余計な事を考えないようにさっさと準備に取り掛かる。所詮私は飯係。保存食なんてお茶の子さいさいで作ることが出来ますとも。
そんな私の隣に辺境伯家のお嬢様が手伝いに来てくれた。
実はこの子とは血縁関係にあったりする。なので小さい時に何度か面識はあるのだが、大きくなってからは会う事も無かったのでどんな人物なのかさっぱり分からない。
お手伝いしますと手を貸してくれる。何だか色っぽくなっていることから、この子も薬を盛られたクチなのだろう。他の変なのに襲われないように気をつけるように言った方が良いのかと思ったが、直属の近衛隊長のマクロス殿が釘を刺してきた。
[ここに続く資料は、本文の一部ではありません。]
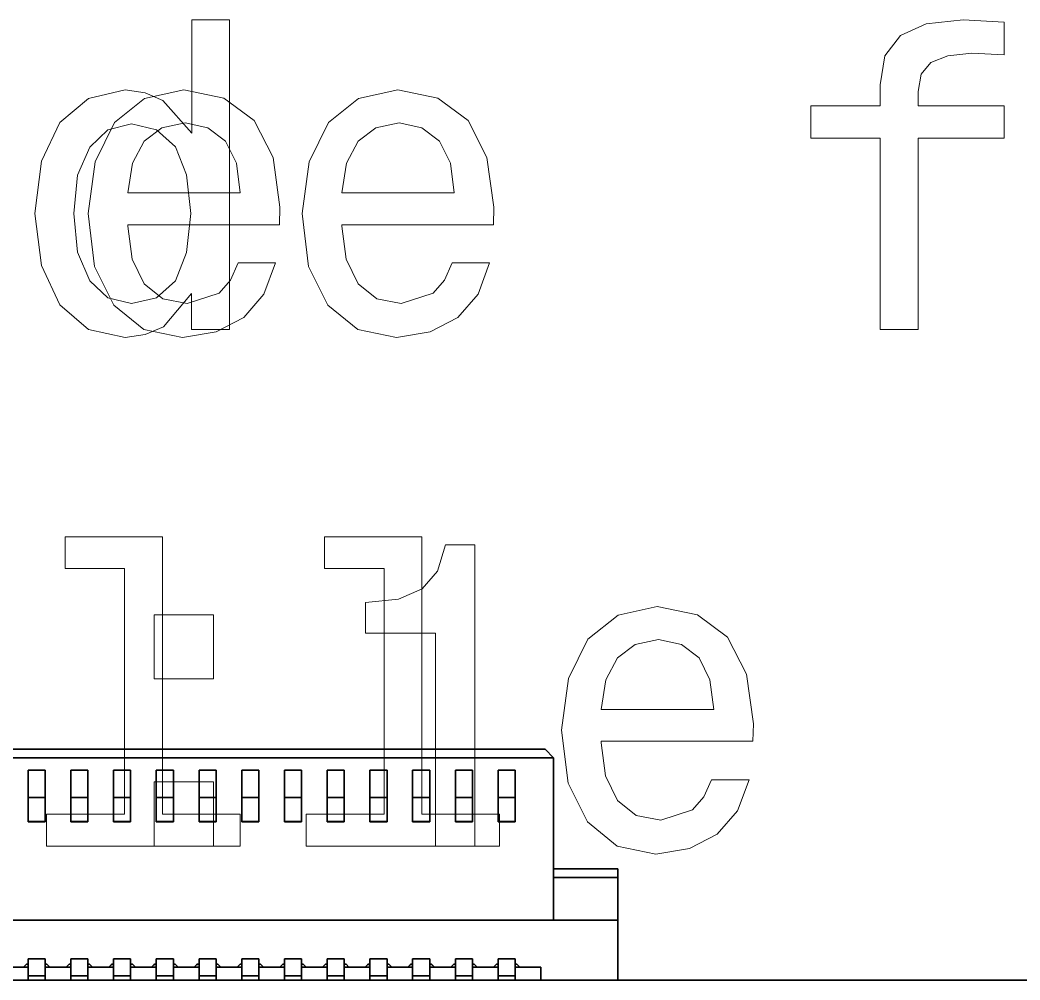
# Model space of a CAD drawing. Extents: x 487 to 800, y 314 to 605.
# Drawn here: x 592.77 to 604.47, y 367.98 to 379.21 of the extents above; entities that cross this region are included whole.
import ezdxf

# ---------------------------------------------------------------- set-up
doc = ezdxf.new("R2010")
doc.units = 0

msp = doc.modelspace()

# ---------------------------------------------------------------- linework, layer by layer
at = {"color": 7, "lineweight": 35, "ltscale": 0.234999}
msp.add_line((598.917, 370.676), (589.517, 370.676), dxfattribs=at)
msp.add_line((598.917, 370.676), (589.517, 370.676), dxfattribs=at)
at = {"color": 7, "lineweight": 35, "ltscale": 0.003536}
msp.add_line((598.917, 370.676), (599.017, 370.576), dxfattribs=at)
msp.add_line((598.917, 370.676), (599.017, 370.576), dxfattribs=at)
at = {"color": 7, "lineweight": 35, "ltscale": 0.240001}
msp.add_line((589.417, 370.576), (599.017, 370.576), dxfattribs=at)
msp.add_line((589.417, 370.576), (599.017, 370.576), dxfattribs=at)
at = {"color": 7, "lineweight": 35, "ltscale": 0.0475}
msp.add_line((599.017, 370.576), (599.017, 368.676), dxfattribs=at)
msp.add_line((599.017, 370.576), (599.017, 368.676), dxfattribs=at)
at = {"color": 7, "lineweight": 35, "ltscale": 0.008055}
for p, q in [((592.867, 370.11), (592.867, 370.433)), ((592.867, 370.11), (592.867, 370.433)), ((593.067, 370.11), (593.067, 370.433)), ((593.067, 370.11), (593.067, 370.433)), ((593.367, 370.11), (593.367, 370.433)), ((593.367, 370.11), (593.367, 370.433)), ((593.567, 370.11), (593.567, 370.433)), ((593.567, 370.11), (593.567, 370.433)), ((593.867, 370.11), (593.867, 370.433)), ((593.867, 370.11), (593.867, 370.433)), ((594.067, 370.11), (594.067, 370.433)), ((594.067, 370.11), (594.067, 370.433)), ((594.367, 370.11), (594.367, 370.433)), ((594.367, 370.11), (594.367, 370.433)), ((594.567, 370.11), (594.567, 370.433)), ((594.567, 370.11), (594.567, 370.433)), ((594.867, 370.11), (594.867, 370.433)), ((594.867, 370.11), (594.867, 370.433)), ((595.067, 370.11), (595.067, 370.433)), ((595.067, 370.11), (595.067, 370.433)), ((595.367, 370.11), (595.367, 370.433)), ((595.367, 370.11), (595.367, 370.433)), ((595.567, 370.11), (595.567, 370.433)), ((595.567, 370.11), (595.567, 370.433)), ((595.867, 370.11), (595.867, 370.433)), ((595.867, 370.11), (595.867, 370.433)), ((596.067, 370.11), (596.067, 370.433)), ((596.067, 370.11), (596.067, 370.433)), ((596.367, 370.11), (596.367, 370.433)), ((596.367, 370.11), (596.367, 370.433)), ((596.567, 370.11), (596.567, 370.433)), ((596.567, 370.11), (596.567, 370.433)), ((596.867, 370.11), (596.867, 370.433)), ((596.867, 370.11), (596.867, 370.433)), ((597.067, 370.11), (597.067, 370.433)), ((597.067, 370.11), (597.067, 370.433)), ((597.367, 370.11), (597.367, 370.433)), ((597.367, 370.11), (597.367, 370.433)), ((597.567, 370.11), (597.567, 370.433)), ((597.567, 370.11), (597.567, 370.433)), ((597.867, 370.11), (597.867, 370.433)), ((597.867, 370.11), (597.867, 370.433)), ((598.067, 370.11), (598.067, 370.433)), ((598.067, 370.11), (598.067, 370.433)), ((598.367, 370.11), (598.367, 370.433)), ((598.367, 370.11), (598.367, 370.433)), ((598.567, 370.11), (598.567, 370.433)), ((598.567, 370.11), (598.567, 370.433))]:
    msp.add_line(p, q, dxfattribs=at)
at = {"color": 7, "lineweight": 35, "ltscale": 0.005}
for p, q in [((593.067, 370.433), (592.867, 370.433)), ((593.067, 370.433), (592.867, 370.433)), ((593.567, 370.433), (593.367, 370.433)), ((593.567, 370.433), (593.367, 370.433)), ((594.067, 370.433), (593.867, 370.433)), ((594.067, 370.433), (593.867, 370.433)), ((594.567, 370.433), (594.367, 370.433)), ((594.567, 370.433), (594.367, 370.433)), ((595.067, 370.433), (594.867, 370.433)), ((595.067, 370.433), (594.867, 370.433)), ((595.567, 370.433), (595.367, 370.433)), ((595.567, 370.433), (595.367, 370.433)), ((596.067, 370.433), (595.867, 370.433)), ((596.067, 370.433), (595.867, 370.433)), ((596.567, 370.433), (596.367, 370.433)), ((596.567, 370.433), (596.367, 370.433)), ((597.067, 370.433), (596.867, 370.433)), ((597.067, 370.433), (596.867, 370.433)), ((597.567, 370.433), (597.367, 370.433)), ((597.567, 370.433), (597.367, 370.433)), ((598.067, 370.433), (597.867, 370.433)), ((598.067, 370.433), (597.867, 370.433)), ((598.567, 370.433), (598.367, 370.433)), ((598.567, 370.433), (598.367, 370.433)), ((592.867, 370.11), (593.067, 370.11)), ((592.867, 370.11), (593.067, 370.11)), ((593.367, 370.11), (593.567, 370.11)), ((593.367, 370.11), (593.567, 370.11)), ((593.867, 370.11), (594.067, 370.11)), ((593.867, 370.11), (594.067, 370.11)), ((594.367, 370.11), (594.567, 370.11)), ((594.367, 370.11), (594.567, 370.11)), ((594.867, 370.11), (595.067, 370.11)), ((594.867, 370.11), (595.067, 370.11)), ((595.367, 370.11), (595.567, 370.11)), ((595.367, 370.11), (595.567, 370.11)), ((595.867, 370.11), (596.067, 370.11)), ((595.867, 370.11), (596.067, 370.11)), ((596.367, 370.11), (596.567, 370.11)), ((596.367, 370.11), (596.567, 370.11)), ((596.867, 370.11), (597.067, 370.11)), ((596.867, 370.11), (597.067, 370.11)), ((597.367, 370.11), (597.567, 370.11)), ((597.367, 370.11), (597.567, 370.11)), ((597.867, 370.11), (598.067, 370.11)), ((597.867, 370.11), (598.067, 370.11)), ((598.367, 370.11), (598.567, 370.11)), ((598.367, 370.11), (598.567, 370.11)), ((592.867, 369.831), (593.067, 369.831)), ((592.867, 369.831), (593.067, 369.831)), ((593.067, 369.831), (592.867, 369.831)), ((592.867, 369.825), (593.067, 369.825)), ((592.867, 369.825), (593.067, 369.825)), ((593.367, 369.831), (593.567, 369.831)), ((593.367, 369.831), (593.567, 369.831)), ((593.567, 369.831), (593.367, 369.831)), ((593.367, 369.825), (593.567, 369.825)), ((593.367, 369.825), (593.567, 369.825)), ((593.867, 369.831), (594.067, 369.831)), ((593.867, 369.831), (594.067, 369.831)), ((594.067, 369.831), (593.867, 369.831)), ((593.867, 369.825), (594.067, 369.825)), ((593.867, 369.825), (594.067, 369.825)), ((594.367, 369.831), (594.567, 369.831)), ((594.367, 369.831), (594.567, 369.831)), ((594.567, 369.831), (594.367, 369.831)), ((594.367, 369.825), (594.567, 369.825)), ((594.367, 369.825), (594.567, 369.825)), ((595.067, 369.831), (594.867, 369.831)), ((594.867, 369.831), (595.067, 369.831)), ((594.867, 369.831), (595.067, 369.831)), ((594.867, 369.825), (595.067, 369.825)), ((594.867, 369.825), (595.067, 369.825)), ((595.567, 369.831), (595.367, 369.831)), ((595.367, 369.831), (595.567, 369.831)), ((595.367, 369.831), (595.567, 369.831)), ((595.367, 369.825), (595.567, 369.825)), ((595.367, 369.825), (595.567, 369.825)), ((596.067, 369.831), (595.867, 369.831)), ((595.867, 369.831), (596.067, 369.831)), ((595.867, 369.831), (596.067, 369.831)), ((595.867, 369.825), (596.067, 369.825)), ((595.867, 369.825), (596.067, 369.825)), ((596.567, 369.831), (596.367, 369.831)), ((596.367, 369.831), (596.567, 369.831)), ((596.367, 369.831), (596.567, 369.831)), ((596.367, 369.825), (596.567, 369.825)), ((596.367, 369.825), (596.567, 369.825)), ((597.067, 369.831), (596.867, 369.831)), ((596.867, 369.831), (597.067, 369.831)), ((596.867, 369.831), (597.067, 369.831)), ((596.867, 369.825), (597.067, 369.825)), ((596.867, 369.825), (597.067, 369.825)), ((597.567, 369.831), (597.367, 369.831)), ((597.367, 369.831), (597.567, 369.831)), ((597.367, 369.831), (597.567, 369.831)), ((597.367, 369.825), (597.567, 369.825)), ((597.367, 369.825), (597.567, 369.825)), ((598.067, 369.831), (597.867, 369.831)), ((597.867, 369.831), (598.067, 369.831)), ((597.867, 369.831), (598.067, 369.831)), ((597.867, 369.825), (598.067, 369.825)), ((597.867, 369.825), (598.067, 369.825)), ((598.567, 369.831), (598.367, 369.831)), ((598.367, 369.831), (598.567, 369.831)), ((598.367, 369.831), (598.567, 369.831)), ((598.367, 369.825), (598.567, 369.825)), ((598.367, 369.825), (598.567, 369.825)), ((592.867, 368.225), (593.067, 368.225)), ((592.867, 368.225), (593.067, 368.225)), ((592.867, 368.026), (592.867, 368.225)), ((592.867, 368.026), (592.867, 368.225)), ((593.067, 368.026), (593.067, 368.225)), ((593.067, 368.026), (593.067, 368.225)), ((593.367, 368.026), (593.367, 368.225)), ((593.367, 368.225), (593.567, 368.225)), ((593.367, 368.026), (593.367, 368.225)), ((593.367, 368.225), (593.567, 368.225)), ((593.567, 368.026), (593.567, 368.225)), ((593.567, 368.026), (593.567, 368.225)), ((593.867, 368.026), (593.867, 368.225)), ((593.867, 368.225), (594.067, 368.225)), ((593.867, 368.026), (593.867, 368.225)), ((593.867, 368.225), (594.067, 368.225)), ((594.067, 368.026), (594.067, 368.225)), ((594.067, 368.026), (594.067, 368.225)), ((594.367, 368.026), (594.367, 368.225)), ((594.367, 368.225), (594.567, 368.225)), ((594.367, 368.225), (594.567, 368.225)), ((594.367, 368.026), (594.367, 368.225)), ((594.567, 368.026), (594.567, 368.225)), ((594.567, 368.026), (594.567, 368.225)), ((594.867, 368.225), (595.067, 368.225)), ((594.867, 368.026), (594.867, 368.225)), ((594.867, 368.225), (595.067, 368.225)), ((594.867, 368.026), (594.867, 368.225)), ((595.067, 368.026), (595.067, 368.225)), ((595.067, 368.026), (595.067, 368.225)), ((595.367, 368.225), (595.567, 368.225)), ((595.367, 368.026), (595.367, 368.225)), ((595.367, 368.225), (595.567, 368.225)), ((595.367, 368.026), (595.367, 368.225)), ((595.567, 368.026), (595.567, 368.225)), ((595.567, 368.026), (595.567, 368.225)), ((595.867, 368.225), (596.067, 368.225)), ((595.867, 368.026), (595.867, 368.225)), ((595.867, 368.225), (596.067, 368.225)), ((595.867, 368.026), (595.867, 368.225)), ((596.067, 368.026), (596.067, 368.225)), ((596.067, 368.026), (596.067, 368.225)), ((596.367, 368.225), (596.567, 368.225)), ((596.367, 368.026), (596.367, 368.225)), ((596.367, 368.225), (596.567, 368.225)), ((596.367, 368.026), (596.367, 368.225)), ((596.567, 368.026), (596.567, 368.225)), ((596.567, 368.026), (596.567, 368.225)), ((596.867, 368.026), (596.867, 368.225)), ((596.867, 368.225), (597.067, 368.225)), ((596.867, 368.225), (597.067, 368.225)), ((596.867, 368.026), (596.867, 368.225)), ((597.067, 368.026), (597.067, 368.225)), ((597.067, 368.026), (597.067, 368.225)), ((597.367, 368.026), (597.367, 368.225)), ((597.367, 368.225), (597.567, 368.225)), ((597.367, 368.225), (597.567, 368.225)), ((597.367, 368.026), (597.367, 368.225)), ((597.567, 368.026), (597.567, 368.225)), ((597.567, 368.026), (597.567, 368.225)), ((597.867, 368.026), (597.867, 368.225)), ((597.867, 368.225), (598.067, 368.225)), ((597.867, 368.225), (598.067, 368.225)), ((597.867, 368.026), (597.867, 368.225)), ((598.067, 368.026), (598.067, 368.225)), ((598.067, 368.026), (598.067, 368.225)), ((598.367, 368.026), (598.367, 368.225)), ((598.367, 368.225), (598.567, 368.225)), ((598.367, 368.225), (598.567, 368.225)), ((598.367, 368.026), (598.367, 368.225)), ((598.567, 368.026), (598.567, 368.225)), ((598.567, 368.026), (598.567, 368.225)), ((592.867, 368.026), (593.067, 368.026)), ((592.867, 368.026), (593.067, 368.026)), ((593.367, 368.026), (593.567, 368.026)), ((593.367, 368.026), (593.567, 368.026)), ((593.867, 368.026), (594.067, 368.026)), ((593.867, 368.026), (594.067, 368.026)), ((594.367, 368.026), (594.567, 368.026)), ((594.367, 368.026), (594.567, 368.026)), ((594.867, 368.026), (595.067, 368.026)), ((594.867, 368.026), (595.067, 368.026)), ((595.367, 368.026), (595.567, 368.026)), ((595.367, 368.026), (595.567, 368.026)), ((595.867, 368.026), (596.067, 368.026)), ((595.867, 368.026), (596.067, 368.026)), ((596.367, 368.026), (596.567, 368.026)), ((596.367, 368.026), (596.567, 368.026)), ((596.867, 368.026), (597.067, 368.026)), ((596.867, 368.026), (597.067, 368.026)), ((597.367, 368.026), (597.567, 368.026)), ((597.367, 368.026), (597.567, 368.026)), ((597.867, 368.026), (598.067, 368.026)), ((597.867, 368.026), (598.067, 368.026)), ((598.367, 368.026), (598.567, 368.026)), ((598.367, 368.026), (598.567, 368.026))]:
    msp.add_line(p, q, dxfattribs=at)
at = {"color": 7, "lineweight": 35, "ltscale": 0.015179}
for p, q in [((592.867, 369.825), (592.867, 370.433)), ((593.367, 369.825), (593.367, 370.433)), ((593.867, 369.825), (593.867, 370.433)), ((594.367, 369.825), (594.367, 370.433)), ((594.867, 369.825), (594.867, 370.433)), ((595.367, 369.825), (595.367, 370.433)), ((595.867, 369.825), (595.867, 370.433)), ((596.367, 369.825), (596.367, 370.433)), ((596.867, 369.825), (596.867, 370.433)), ((597.367, 369.825), (597.367, 370.433)), ((597.867, 369.825), (597.867, 370.433)), ((598.367, 369.825), (598.367, 370.433))]:
    msp.add_line(p, q, dxfattribs=at)
at = {"color": 7, "lineweight": 35, "ltscale": 0.006986}
for p, q in [((592.867, 370.11), (592.867, 369.831)), ((593.067, 369.831), (593.067, 370.11)), ((593.367, 370.11), (593.367, 369.831)), ((593.567, 369.831), (593.567, 370.11)), ((593.867, 370.11), (593.867, 369.831)), ((594.067, 369.831), (594.067, 370.11)), ((594.367, 370.11), (594.367, 369.831)), ((594.567, 369.831), (594.567, 370.11)), ((594.867, 370.11), (594.867, 369.831)), ((595.067, 369.831), (595.067, 370.11)), ((595.367, 370.11), (595.367, 369.831)), ((595.567, 369.831), (595.567, 370.11)), ((595.867, 370.11), (595.867, 369.831)), ((596.067, 369.831), (596.067, 370.11)), ((596.367, 370.11), (596.367, 369.831)), ((596.567, 369.831), (596.567, 370.11)), ((596.867, 370.11), (596.867, 369.831)), ((597.067, 369.831), (597.067, 370.11)), ((597.367, 370.11), (597.367, 369.831)), ((597.567, 369.831), (597.567, 370.11)), ((597.867, 370.11), (597.867, 369.831)), ((598.067, 369.831), (598.067, 370.11)), ((598.367, 370.11), (598.367, 369.831)), ((598.567, 369.831), (598.567, 370.11))]:
    msp.add_line(p, q, dxfattribs=at)
at = {"color": 7, "lineweight": 35, "ltscale": 0.002122}
for p, q in [((592.867, 370.026), (592.867, 370.11)), ((593.067, 370.026), (593.067, 370.11)), ((593.367, 370.026), (593.367, 370.11)), ((593.567, 370.026), (593.567, 370.11)), ((593.867, 370.026), (593.867, 370.11)), ((594.067, 370.026), (594.067, 370.11)), ((594.367, 370.026), (594.367, 370.11)), ((594.567, 370.026), (594.567, 370.11)), ((594.867, 370.026), (594.867, 370.11)), ((595.067, 370.026), (595.067, 370.11)), ((595.367, 370.026), (595.367, 370.11)), ((595.567, 370.026), (595.567, 370.11)), ((595.867, 370.026), (595.867, 370.11)), ((596.067, 370.026), (596.067, 370.11)), ((596.367, 370.026), (596.367, 370.11)), ((596.567, 370.026), (596.567, 370.11)), ((596.867, 370.026), (596.867, 370.11)), ((597.067, 370.026), (597.067, 370.11)), ((597.367, 370.026), (597.367, 370.11)), ((597.567, 370.026), (597.567, 370.11)), ((597.867, 370.026), (597.867, 370.11)), ((598.067, 370.026), (598.067, 370.11)), ((598.367, 370.026), (598.367, 370.11)), ((598.567, 370.026), (598.567, 370.11))]:
    msp.add_line(p, q, dxfattribs=at)
at = {"color": 7, "lineweight": 35, "ltscale": 0.004864}
for p, q in [((592.867, 369.831), (592.867, 370.026)), ((593.067, 369.831), (593.067, 370.026)), ((593.367, 369.831), (593.367, 370.026)), ((593.567, 369.831), (593.567, 370.026)), ((593.867, 369.831), (593.867, 370.026)), ((594.067, 369.831), (594.067, 370.026)), ((594.367, 369.831), (594.367, 370.026)), ((594.567, 369.831), (594.567, 370.026)), ((594.867, 369.831), (594.867, 370.026)), ((595.067, 369.831), (595.067, 370.026)), ((595.367, 369.831), (595.367, 370.026)), ((595.567, 369.831), (595.567, 370.026)), ((595.867, 369.831), (595.867, 370.026)), ((596.067, 369.831), (596.067, 370.026)), ((596.367, 369.831), (596.367, 370.026)), ((596.567, 369.831), (596.567, 370.026)), ((596.867, 369.831), (596.867, 370.026)), ((597.067, 369.831), (597.067, 370.026)), ((597.367, 369.831), (597.367, 370.026)), ((597.567, 369.831), (597.567, 370.026)), ((597.867, 369.831), (597.867, 370.026)), ((598.067, 369.831), (598.067, 370.026)), ((598.367, 369.831), (598.367, 370.026)), ((598.567, 369.831), (598.567, 370.026))]:
    msp.add_line(p, q, dxfattribs=at)
at = {"color": 7, "lineweight": 35, "ltscale": 0.000138092}
for p, q in [((592.867, 369.825), (592.867, 369.831)), ((593.067, 369.825), (593.067, 369.831)), ((593.367, 369.825), (593.367, 369.831)), ((593.567, 369.825), (593.567, 369.831)), ((593.867, 369.825), (593.867, 369.831)), ((594.067, 369.825), (594.067, 369.831)), ((594.367, 369.825), (594.367, 369.831)), ((594.567, 369.825), (594.567, 369.831)), ((594.867, 369.825), (594.867, 369.831)), ((595.067, 369.825), (595.067, 369.831)), ((595.367, 369.825), (595.367, 369.831)), ((595.567, 369.825), (595.567, 369.831)), ((595.867, 369.825), (595.867, 369.831)), ((596.067, 369.825), (596.067, 369.831)), ((596.367, 369.825), (596.367, 369.831)), ((596.567, 369.825), (596.567, 369.831)), ((596.867, 369.825), (596.867, 369.831)), ((597.067, 369.825), (597.067, 369.831)), ((597.367, 369.825), (597.367, 369.831)), ((597.567, 369.825), (597.567, 369.831)), ((597.867, 369.825), (597.867, 369.831)), ((598.067, 369.825), (598.067, 369.831)), ((598.367, 369.825), (598.367, 369.831)), ((598.567, 369.825), (598.567, 369.831))]:
    msp.add_line(p, q, dxfattribs=at)
at = {"color": 7, "lineweight": 35, "ltscale": 0.000137329}
for p, q in [((592.867, 369.825), (592.867, 369.831)), ((593.067, 369.825), (593.067, 369.831)), ((593.367, 369.825), (593.367, 369.831)), ((593.567, 369.825), (593.567, 369.831)), ((593.867, 369.825), (593.867, 369.831)), ((594.067, 369.825), (594.067, 369.831)), ((594.367, 369.825), (594.367, 369.831)), ((594.567, 369.825), (594.567, 369.831)), ((594.867, 369.825), (594.867, 369.831)), ((595.067, 369.825), (595.067, 369.831)), ((595.367, 369.825), (595.367, 369.831)), ((595.567, 369.825), (595.567, 369.831)), ((595.867, 369.825), (595.867, 369.831)), ((596.067, 369.825), (596.067, 369.831)), ((596.367, 369.825), (596.367, 369.831)), ((596.567, 369.825), (596.567, 369.831)), ((596.867, 369.825), (596.867, 369.831)), ((597.067, 369.825), (597.067, 369.831)), ((597.367, 369.825), (597.367, 369.831)), ((597.567, 369.825), (597.567, 369.831)), ((597.867, 369.825), (597.867, 369.831)), ((598.067, 369.825), (598.067, 369.831)), ((598.367, 369.825), (598.367, 369.831)), ((598.567, 369.825), (598.567, 369.831))]:
    msp.add_line(p, q, dxfattribs=at)
at = {"color": 7, "lineweight": 35, "ltscale": 0.01875}
for p, q in [((599.767, 369.276), (599.017, 369.276)), ((599.767, 369.276), (599.017, 369.276)), ((599.767, 369.176), (599.017, 369.176)), ((599.767, 369.176), (599.017, 369.176))]:
    msp.add_line(p, q, dxfattribs=at)
at = {"color": 7, "lineweight": 35, "ltscale": 0.0025}
msp.add_line((599.767, 369.276), (599.767, 369.176), dxfattribs=at)
msp.add_line((599.767, 369.276), (599.767, 369.176), dxfattribs=at)
at = {"color": 7, "lineweight": 35, "ltscale": 0.0125}
msp.add_line((599.767, 369.176), (599.767, 368.676), dxfattribs=at)
msp.add_line((599.767, 369.176), (599.767, 368.676), dxfattribs=at)
at = {"color": 7, "lineweight": 35, "ltscale": 0.277501}
msp.add_line((599.767, 368.676), (588.667, 368.676), dxfattribs=at)
msp.add_line((599.767, 368.676), (588.667, 368.676), dxfattribs=at)
at = {"color": 7, "lineweight": 35, "ltscale": 0.0175}
msp.add_line((599.767, 367.975), (599.767, 368.676), dxfattribs=at)
msp.add_line((599.767, 367.975), (599.767, 368.676), dxfattribs=at)
at = {"color": 7, "lineweight": 35, "ltscale": 0.001237}
for p, q in [((592.847, 368.16), (592.812, 368.125)), ((592.847, 368.16), (592.812, 368.125)), ((592.847, 368.16), (592.812, 368.125)), ((593.122, 368.125), (593.087, 368.16)), ((593.122, 368.125), (593.087, 368.16)), ((593.122, 368.125), (593.087, 368.16)), ((593.347, 368.16), (593.312, 368.125)), ((593.347, 368.16), (593.312, 368.125)), ((593.347, 368.16), (593.312, 368.125)), ((593.622, 368.125), (593.587, 368.16)), ((593.622, 368.125), (593.587, 368.16)), ((593.622, 368.125), (593.587, 368.16)), ((593.847, 368.16), (593.812, 368.125)), ((593.847, 368.16), (593.812, 368.125)), ((593.847, 368.16), (593.812, 368.125)), ((594.122, 368.125), (594.087, 368.16)), ((594.122, 368.125), (594.087, 368.16)), ((594.122, 368.125), (594.087, 368.16)), ((594.347, 368.16), (594.312, 368.125)), ((594.347, 368.16), (594.312, 368.125)), ((594.347, 368.16), (594.312, 368.125)), ((594.622, 368.125), (594.587, 368.16)), ((594.622, 368.125), (594.587, 368.16)), ((594.622, 368.125), (594.587, 368.16)), ((594.847, 368.16), (594.812, 368.125)), ((594.847, 368.16), (594.812, 368.125)), ((594.847, 368.16), (594.812, 368.125)), ((595.122, 368.125), (595.087, 368.16)), ((595.122, 368.125), (595.087, 368.16)), ((595.122, 368.125), (595.087, 368.16)), ((595.347, 368.16), (595.312, 368.125)), ((595.347, 368.16), (595.312, 368.125)), ((595.347, 368.16), (595.312, 368.125)), ((595.622, 368.125), (595.587, 368.16)), ((595.622, 368.125), (595.587, 368.16)), ((595.622, 368.125), (595.587, 368.16)), ((595.847, 368.16), (595.812, 368.125)), ((595.847, 368.16), (595.812, 368.125)), ((595.847, 368.16), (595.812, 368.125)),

「レン殿、私のユーミリアに変な事を吹き込まないでください。お願いしますよ?」
ああ、相手はコイツか
彼女を見れば顔を真っ赤にしている。アイツの所為で喰ってくれと言ってるようなモノだなとため息を吐くと、彼は調理場の中まで入って来てあの子と保存食を作り始めたではありませんか。
何これ嫌がらせ?その内天罰喰らうわ
そう思い一人でせっせと保存食作り。そうしたら今度は元夫が参戦。
ビックリして持っていた包丁で指を切る始末。幾らか流血したが、綺麗に洗い流したので問題はないと思われる。
だがそこは元夫タダでその場を収めてはくれなかった。事もあろうか傷ついた私の指を舐めたのだ。それには私も驚き思わず股間を蹴り上げてしまった。
ヤツは呻きながら崩れ落ちたが、これは不可抗力だ。最初に仕掛けてきたヤツが悪い。
昼食の準備もしつつ完成した保存食をバッグに詰めていく。
各々が持つため分配はきっちりする。後から文句が出ない様にの工夫の一つだ。
あの娼婦女の分は騎士の彼が持ってくれるだろう。それはそれは喜んで。
何と言ってもそれを言い訳にすれば戦闘に参加しなくていいと考えそうなヤツだから。
全く情けない。何のために騎士になったんだか
女目当て(騎士はモテるらしい)
金目当て(危険地帯に行けば行くほど給料が高くなるのだとか)
・・・・・・・なんか、あの若いの見てたら2つとも当てはまるんじゃないかなぁ?
騎士の風上にも置けないやつって彼の事を言うのだと実感した現在であった。